:: RECORD EXCERPTS ::

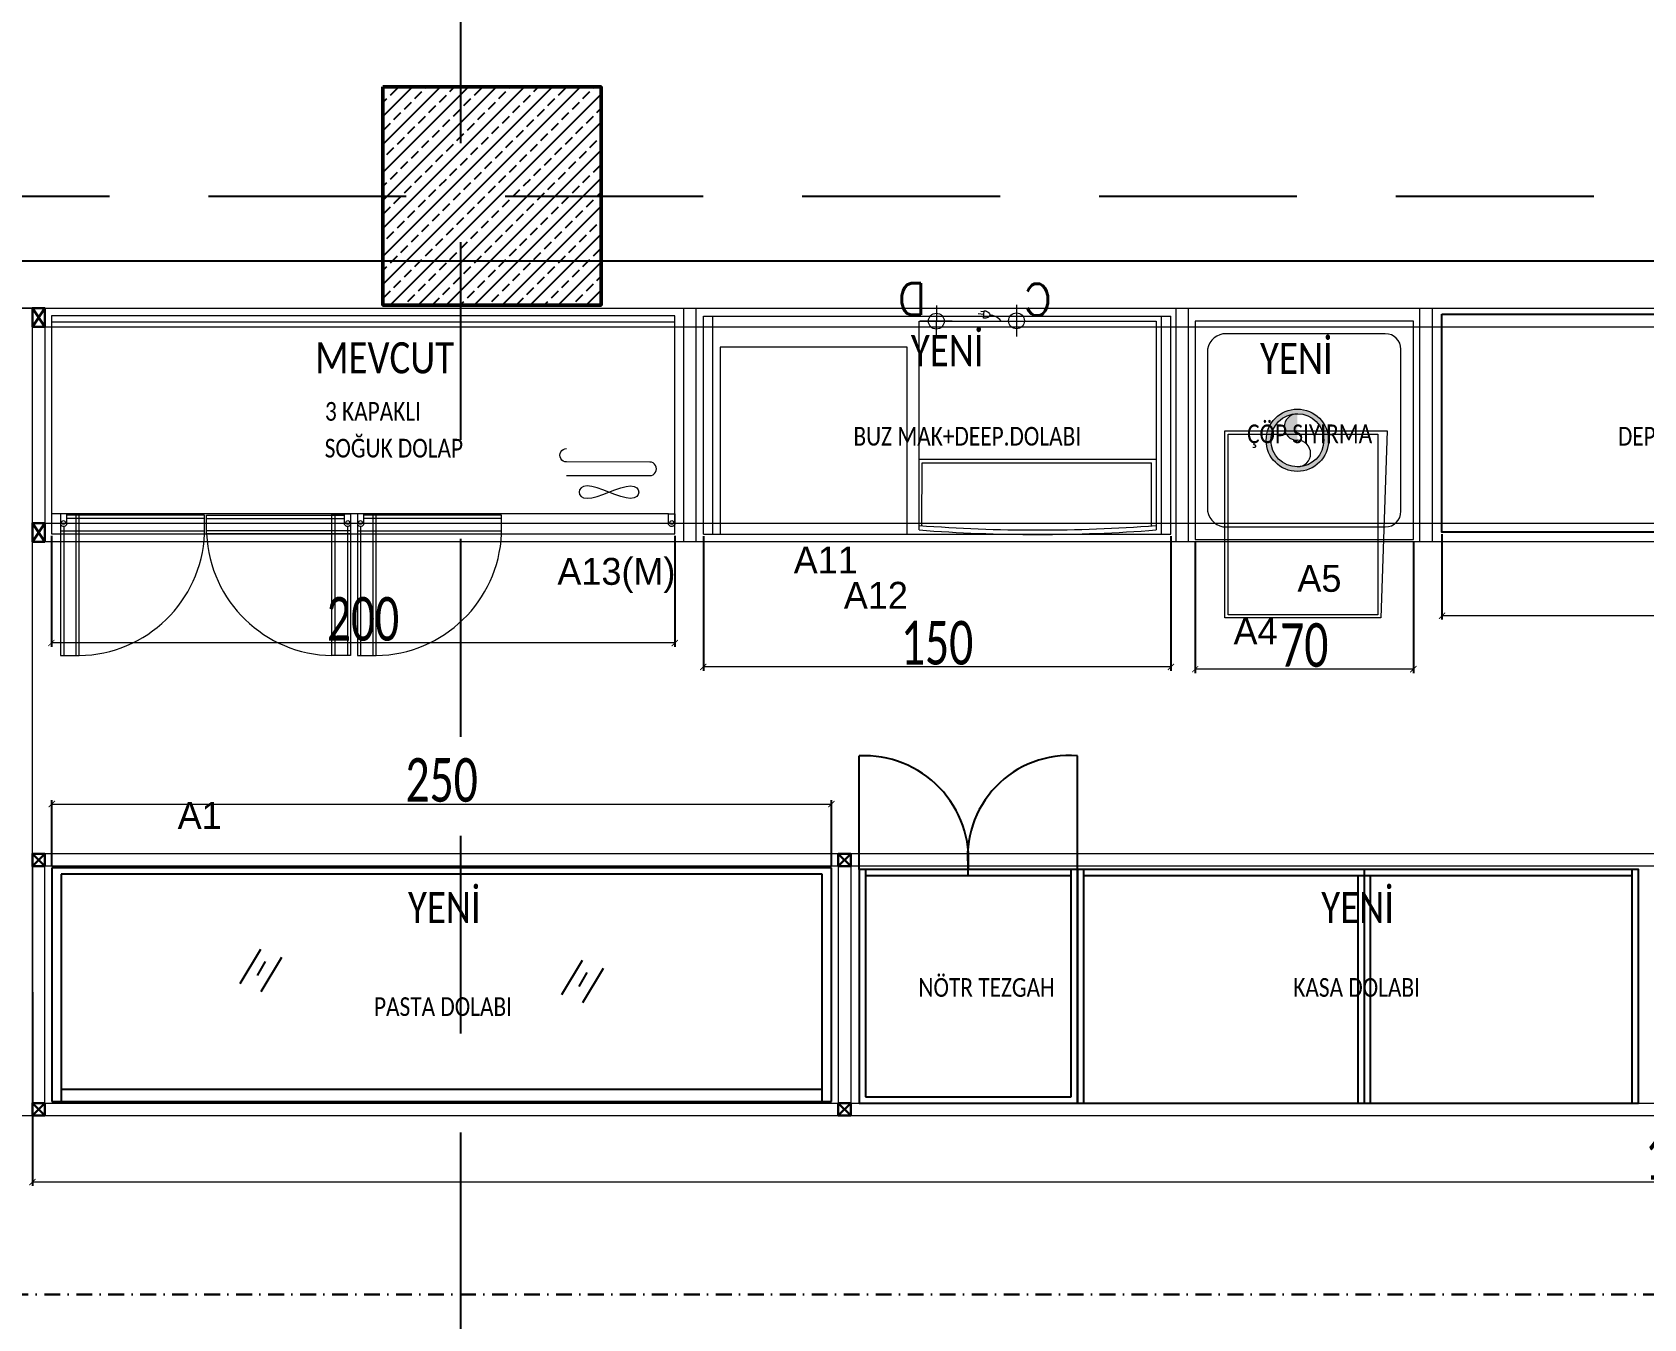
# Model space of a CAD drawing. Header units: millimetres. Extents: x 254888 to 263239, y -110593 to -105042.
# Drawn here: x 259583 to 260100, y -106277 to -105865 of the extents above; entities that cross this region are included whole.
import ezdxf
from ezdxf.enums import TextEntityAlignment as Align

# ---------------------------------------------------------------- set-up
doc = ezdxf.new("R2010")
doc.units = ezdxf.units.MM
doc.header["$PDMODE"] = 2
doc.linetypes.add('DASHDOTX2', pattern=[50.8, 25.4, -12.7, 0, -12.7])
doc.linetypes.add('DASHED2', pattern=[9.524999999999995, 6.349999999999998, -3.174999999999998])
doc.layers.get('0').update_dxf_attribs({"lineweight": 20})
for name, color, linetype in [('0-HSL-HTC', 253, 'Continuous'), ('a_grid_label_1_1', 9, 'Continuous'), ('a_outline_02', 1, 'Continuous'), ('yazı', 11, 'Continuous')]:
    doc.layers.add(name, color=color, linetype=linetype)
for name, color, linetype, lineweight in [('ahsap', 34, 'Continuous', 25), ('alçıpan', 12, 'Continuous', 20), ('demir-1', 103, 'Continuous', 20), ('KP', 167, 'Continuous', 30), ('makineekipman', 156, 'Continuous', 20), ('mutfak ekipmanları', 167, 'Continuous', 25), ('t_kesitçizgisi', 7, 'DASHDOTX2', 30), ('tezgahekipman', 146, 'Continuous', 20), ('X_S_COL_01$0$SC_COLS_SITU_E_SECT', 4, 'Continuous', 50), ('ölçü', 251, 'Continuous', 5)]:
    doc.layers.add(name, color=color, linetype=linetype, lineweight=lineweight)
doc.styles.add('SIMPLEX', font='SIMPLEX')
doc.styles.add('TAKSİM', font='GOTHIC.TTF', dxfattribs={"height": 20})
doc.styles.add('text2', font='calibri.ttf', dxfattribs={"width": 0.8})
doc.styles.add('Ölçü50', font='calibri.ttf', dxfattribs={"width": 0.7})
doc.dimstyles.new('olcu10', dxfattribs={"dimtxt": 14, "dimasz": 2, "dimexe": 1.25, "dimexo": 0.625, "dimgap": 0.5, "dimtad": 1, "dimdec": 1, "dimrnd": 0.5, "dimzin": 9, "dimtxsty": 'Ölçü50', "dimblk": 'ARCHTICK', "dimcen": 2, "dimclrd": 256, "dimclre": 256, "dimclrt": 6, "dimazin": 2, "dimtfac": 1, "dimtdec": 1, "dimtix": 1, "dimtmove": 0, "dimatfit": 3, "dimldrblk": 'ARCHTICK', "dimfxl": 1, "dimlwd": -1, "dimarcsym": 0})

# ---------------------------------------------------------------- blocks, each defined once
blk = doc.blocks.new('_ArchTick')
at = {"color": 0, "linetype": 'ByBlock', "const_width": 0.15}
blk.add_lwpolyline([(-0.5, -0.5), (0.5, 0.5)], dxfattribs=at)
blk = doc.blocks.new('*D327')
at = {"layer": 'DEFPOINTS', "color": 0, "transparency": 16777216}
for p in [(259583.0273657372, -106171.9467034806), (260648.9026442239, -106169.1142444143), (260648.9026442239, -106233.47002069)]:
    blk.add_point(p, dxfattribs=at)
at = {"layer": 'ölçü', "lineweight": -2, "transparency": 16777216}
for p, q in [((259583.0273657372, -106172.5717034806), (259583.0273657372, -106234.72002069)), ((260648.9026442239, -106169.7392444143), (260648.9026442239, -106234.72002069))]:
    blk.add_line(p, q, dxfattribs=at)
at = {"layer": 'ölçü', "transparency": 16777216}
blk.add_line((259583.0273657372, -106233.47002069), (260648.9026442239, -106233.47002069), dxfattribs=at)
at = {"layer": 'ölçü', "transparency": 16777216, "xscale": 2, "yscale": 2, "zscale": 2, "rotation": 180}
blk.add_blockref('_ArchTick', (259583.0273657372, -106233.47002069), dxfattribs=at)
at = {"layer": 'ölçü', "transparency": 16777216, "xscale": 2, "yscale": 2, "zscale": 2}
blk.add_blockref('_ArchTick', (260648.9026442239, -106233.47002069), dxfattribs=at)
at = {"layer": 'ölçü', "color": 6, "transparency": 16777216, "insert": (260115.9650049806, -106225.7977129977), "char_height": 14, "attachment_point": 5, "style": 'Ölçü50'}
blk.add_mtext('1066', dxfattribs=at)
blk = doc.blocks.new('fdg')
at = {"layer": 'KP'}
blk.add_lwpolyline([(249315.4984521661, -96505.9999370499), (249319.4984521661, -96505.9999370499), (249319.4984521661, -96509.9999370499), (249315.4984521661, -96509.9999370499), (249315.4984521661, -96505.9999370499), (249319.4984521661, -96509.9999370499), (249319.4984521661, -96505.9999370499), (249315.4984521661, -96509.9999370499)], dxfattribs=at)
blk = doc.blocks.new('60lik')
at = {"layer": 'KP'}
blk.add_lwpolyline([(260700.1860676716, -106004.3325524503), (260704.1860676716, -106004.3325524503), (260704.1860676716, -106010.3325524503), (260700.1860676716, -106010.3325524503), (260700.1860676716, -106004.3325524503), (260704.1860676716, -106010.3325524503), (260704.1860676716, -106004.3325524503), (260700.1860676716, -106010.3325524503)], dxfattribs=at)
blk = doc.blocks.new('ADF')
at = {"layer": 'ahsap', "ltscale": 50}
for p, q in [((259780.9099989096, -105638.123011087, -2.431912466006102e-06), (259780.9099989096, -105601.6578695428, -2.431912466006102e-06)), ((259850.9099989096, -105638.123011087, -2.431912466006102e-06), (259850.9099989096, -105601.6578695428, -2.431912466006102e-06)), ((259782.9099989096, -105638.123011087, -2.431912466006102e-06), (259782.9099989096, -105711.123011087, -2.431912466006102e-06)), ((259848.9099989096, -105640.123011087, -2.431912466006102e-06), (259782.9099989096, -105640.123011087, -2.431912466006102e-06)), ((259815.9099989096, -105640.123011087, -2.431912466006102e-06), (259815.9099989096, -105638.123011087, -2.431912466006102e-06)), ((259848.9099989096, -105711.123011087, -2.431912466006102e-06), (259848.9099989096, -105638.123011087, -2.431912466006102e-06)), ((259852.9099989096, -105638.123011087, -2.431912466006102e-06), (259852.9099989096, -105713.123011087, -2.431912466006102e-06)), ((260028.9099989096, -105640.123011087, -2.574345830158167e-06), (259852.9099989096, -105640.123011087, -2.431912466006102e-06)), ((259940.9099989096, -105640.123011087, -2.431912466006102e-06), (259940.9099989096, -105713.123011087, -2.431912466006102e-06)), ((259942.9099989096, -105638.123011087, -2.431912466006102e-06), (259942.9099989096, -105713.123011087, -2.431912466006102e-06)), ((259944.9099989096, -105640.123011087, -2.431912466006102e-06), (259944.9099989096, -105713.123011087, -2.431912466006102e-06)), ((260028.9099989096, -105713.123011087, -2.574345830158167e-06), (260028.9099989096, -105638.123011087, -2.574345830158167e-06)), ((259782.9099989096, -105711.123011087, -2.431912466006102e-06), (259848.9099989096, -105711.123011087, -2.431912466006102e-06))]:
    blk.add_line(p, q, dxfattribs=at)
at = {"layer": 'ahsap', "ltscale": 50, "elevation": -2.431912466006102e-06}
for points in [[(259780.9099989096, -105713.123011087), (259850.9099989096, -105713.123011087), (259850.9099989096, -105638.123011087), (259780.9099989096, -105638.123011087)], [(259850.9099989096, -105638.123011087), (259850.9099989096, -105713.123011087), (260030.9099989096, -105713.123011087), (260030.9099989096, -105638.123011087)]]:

:::

=== WHAT YOU WILL DO ===
An exact copy of the entries above is needed, with the pictures removed.

=== FINISHED TASK ===
# Model space of a CAD drawing. Header units: millimetres. Extents: x 254888 to 263239, y -110593 to -105042.
# Drawn here: x 259583 to 260100, y -106277 to -105865 of the extents above; entities that cross this region are included whole.
import ezdxf
from ezdxf.enums import TextEntityAlignment as Align

# ---------------------------------------------------------------- set-up
doc = ezdxf.new("R2010")
doc.units = ezdxf.units.MM
doc.header["$PDMODE"] = 2
doc.linetypes.add('DASHDOTX2', pattern=[50.8, 25.4, -12.7, 0, -12.7])
doc.linetypes.add('DASHED2', pattern=[9.524999999999995, 6.349999999999998, -3.174999999999998])
doc.layers.get('0').update_dxf_attribs({"lineweight": 20})
for name, color, linetype in [('0-HSL-HTC', 253, 'Continuous'), ('a_grid_label_1_1', 9, 'Continuous'), ('a_outline_02', 1, 'Continuous'), ('yazı', 11, 'Continuous')]:
    doc.layers.add(name, color=color, linetype=linetype)
for name, color, linetype, lineweight in [('ahsap', 34, 'Continuous', 25), ('alçıpan', 12, 'Continuous', 20), ('demir-1', 103, 'Continuous', 20), ('KP', 167, 'Continuous', 30), ('makineekipman', 156, 'Continuous', 20), ('mutfak ekipmanları', 167, 'Continuous', 25), ('t_kesitçizgisi', 7, 'DASHDOTX2', 30), ('tezgahekipman', 146, 'Continuous', 20), ('X_S_COL_01$0$SC_COLS_SITU_E_SECT', 4, 'Continuous', 50), ('ölçü', 251, 'Continuous', 5)]:
    doc.layers.add(name, color=color, linetype=linetype, lineweight=lineweight)
doc.styles.add('SIMPLEX', font='SIMPLEX')
doc.styles.add('TAKSİM', font='GOTHIC.TTF', dxfattribs={"height": 20})
doc.styles.add('text2', font='calibri.ttf', dxfattribs={"width": 0.8})
doc.styles.add('Ölçü50', font='calibri.ttf', dxfattribs={"width": 0.7})
doc.dimstyles.new('olcu10', dxfattribs={"dimtxt": 14, "dimasz": 2, "dimexe": 1.25, "dimexo": 0.625, "dimgap": 0.5, "dimtad": 1, "dimdec": 1, "dimrnd": 0.5, "dimzin": 9, "dimtxsty": 'Ölçü50', "dimblk": 'ARCHTICK', "dimcen": 2, "dimclrd": 256, "dimclre": 256, "dimclrt": 6, "dimazin": 2, "dimtfac": 1, "dimtdec": 1, "dimtix": 1, "dimtmove": 0, "dimatfit": 3, "dimldrblk": 'ARCHTICK', "dimfxl": 1, "dimlwd": -1, "dimarcsym": 0})

# ---------------------------------------------------------------- blocks, each defined once
blk = doc.blocks.new('_ArchTick')
at = {"color": 0, "linetype": 'ByBlock', "const_width": 0.15}
blk.add_lwpolyline([(-0.5, -0.5), (0.5, 0.5)], dxfattribs=at)
blk = doc.blocks.new('*D327')
at = {"layer": 'DEFPOINTS', "color": 0, "transparency": 16777216}
for p in [(259583.0273657372, -106171.9467034806), (260648.9026442239, -106169.1142444143), (260648.9026442239, -106233.47002069)]:
    blk.add_point(p, dxfattribs=at)
at = {"layer": 'ölçü', "lineweight": -2, "transparency": 16777216}
for p, q in [((259583.0273657372, -106172.5717034806), (259583.0273657372, -106234.72002069)), ((260648.9026442239, -106169.7392444143), (260648.9026442239, -106234.72002069))]:
    blk.add_line(p, q, dxfattribs=at)
at = {"layer": 'ölçü', "transparency": 16777216}
blk.add_line((259583.0273657372, -106233.47002069), (260648.9026442239, -106233.47002069), dxfattribs=at)
at = {"layer": 'ölçü', "transparency": 16777216, "xscale": 2, "yscale": 2, "zscale": 2, "rotation": 180}
blk.add_blockref('_ArchTick', (259583.0273657372, -106233.47002069), dxfattribs=at)
at = {"layer": 'ölçü', "transparency": 16777216, "xscale": 2, "yscale": 2, "zscale": 2}
blk.add_blockref('_ArchTick', (260648.9026442239, -106233.47002069), dxfattribs=at)
at = {"layer": 'ölçü', "color": 6, "transparency": 16777216, "insert": (260115.9650049806, -106225.7977129977), "char_height": 14, "attachment_point": 5, "style": 'Ölçü50'}
blk.add_mtext('1066', dxfattribs=at)
blk = doc.blocks.new('fdg')
at = {"layer": 'KP'}
blk.add_lwpolyline([(249315.4984521661, -96505.9999370499), (249319.4984521661, -96505.9999370499), (249319.4984521661, -96509.9999370499), (249315.4984521661, -96509.9999370499), (249315.4984521661, -96505.9999370499), (249319.4984521661, -96509.9999370499), (249319.4984521661, -96505.9999370499), (249315.4984521661, -96509.9999370499)], dxfattribs=at)
blk = doc.blocks.new('60lik')
at = {"layer": 'KP'}
blk.add_lwpolyline([(260700.1860676716, -106004.3325524503), (260704.1860676716, -106004.3325524503), (260704.1860676716, -106010.3325524503), (260700.1860676716, -106010.3325524503), (260700.1860676716, -106004.3325524503), (260704.1860676716, -106010.3325524503), (260704.1860676716, -106004.3325524503), (260700.1860676716, -106010.3325524503)], dxfattribs=at)
blk = doc.blocks.new('ADF')
at = {"layer": 'ahsap', "ltscale": 50}
for p, q in [((259780.9099989096, -105638.123011087, -2.431912466006102e-06), (259780.9099989096, -105601.6578695428, -2.431912466006102e-06)), ((259850.9099989096, -105638.123011087, -2.431912466006102e-06), (259850.9099989096, -105601.6578695428, -2.431912466006102e-06)), ((259782.9099989096, -105638.123011087, -2.431912466006102e-06), (259782.9099989096, -105711.123011087, -2.431912466006102e-06)), ((259848.9099989096, -105640.123011087, -2.431912466006102e-06), (259782.9099989096, -105640.123011087, -2.431912466006102e-06)), ((259815.9099989096, -105640.123011087, -2.431912466006102e-06), (259815.9099989096, -105638.123011087, -2.431912466006102e-06)), ((259848.9099989096, -105711.123011087, -2.431912466006102e-06), (259848.9099989096, -105638.123011087, -2.431912466006102e-06)), ((259852.9099989096, -105638.123011087, -2.431912466006102e-06), (259852.9099989096, -105713.123011087, -2.431912466006102e-06)), ((260028.9099989096, -105640.123011087, -2.574345830158167e-06), (259852.9099989096, -105640.123011087, -2.431912466006102e-06)), ((259940.9099989096, -105640.123011087, -2.431912466006102e-06), (259940.9099989096, -105713.123011087, -2.431912466006102e-06)), ((259942.9099989096, -105638.123011087, -2.431912466006102e-06), (259942.9099989096, -105713.123011087, -2.431912466006102e-06)), ((259944.9099989096, -105640.123011087, -2.431912466006102e-06), (259944.9099989096, -105713.123011087, -2.431912466006102e-06)), ((260028.9099989096, -105713.123011087, -2.574345830158167e-06), (260028.9099989096, -105638.123011087, -2.574345830158167e-06)), ((259782.9099989096, -105711.123011087, -2.431912466006102e-06), (259848.9099989096, -105711.123011087, -2.431912466006102e-06))]:
    blk.add_line(p, q, dxfattribs=at)
at = {"layer": 'ahsap', "ltscale": 50, "elevation": -2.431912466006102e-06}
for points in [[(259780.9099989096, -105713.123011087), (259850.9099989096, -105713.123011087), (259850.9099989096, -105638.123011087), (259780.9099989096, -105638.123011087)], [(259850.9099989096, -105638.123011087), (259850.9099989096, -105713.123011087), (260030.9099989096, -105713.123011087), (260030.9099989096, -105638.123011087)]]:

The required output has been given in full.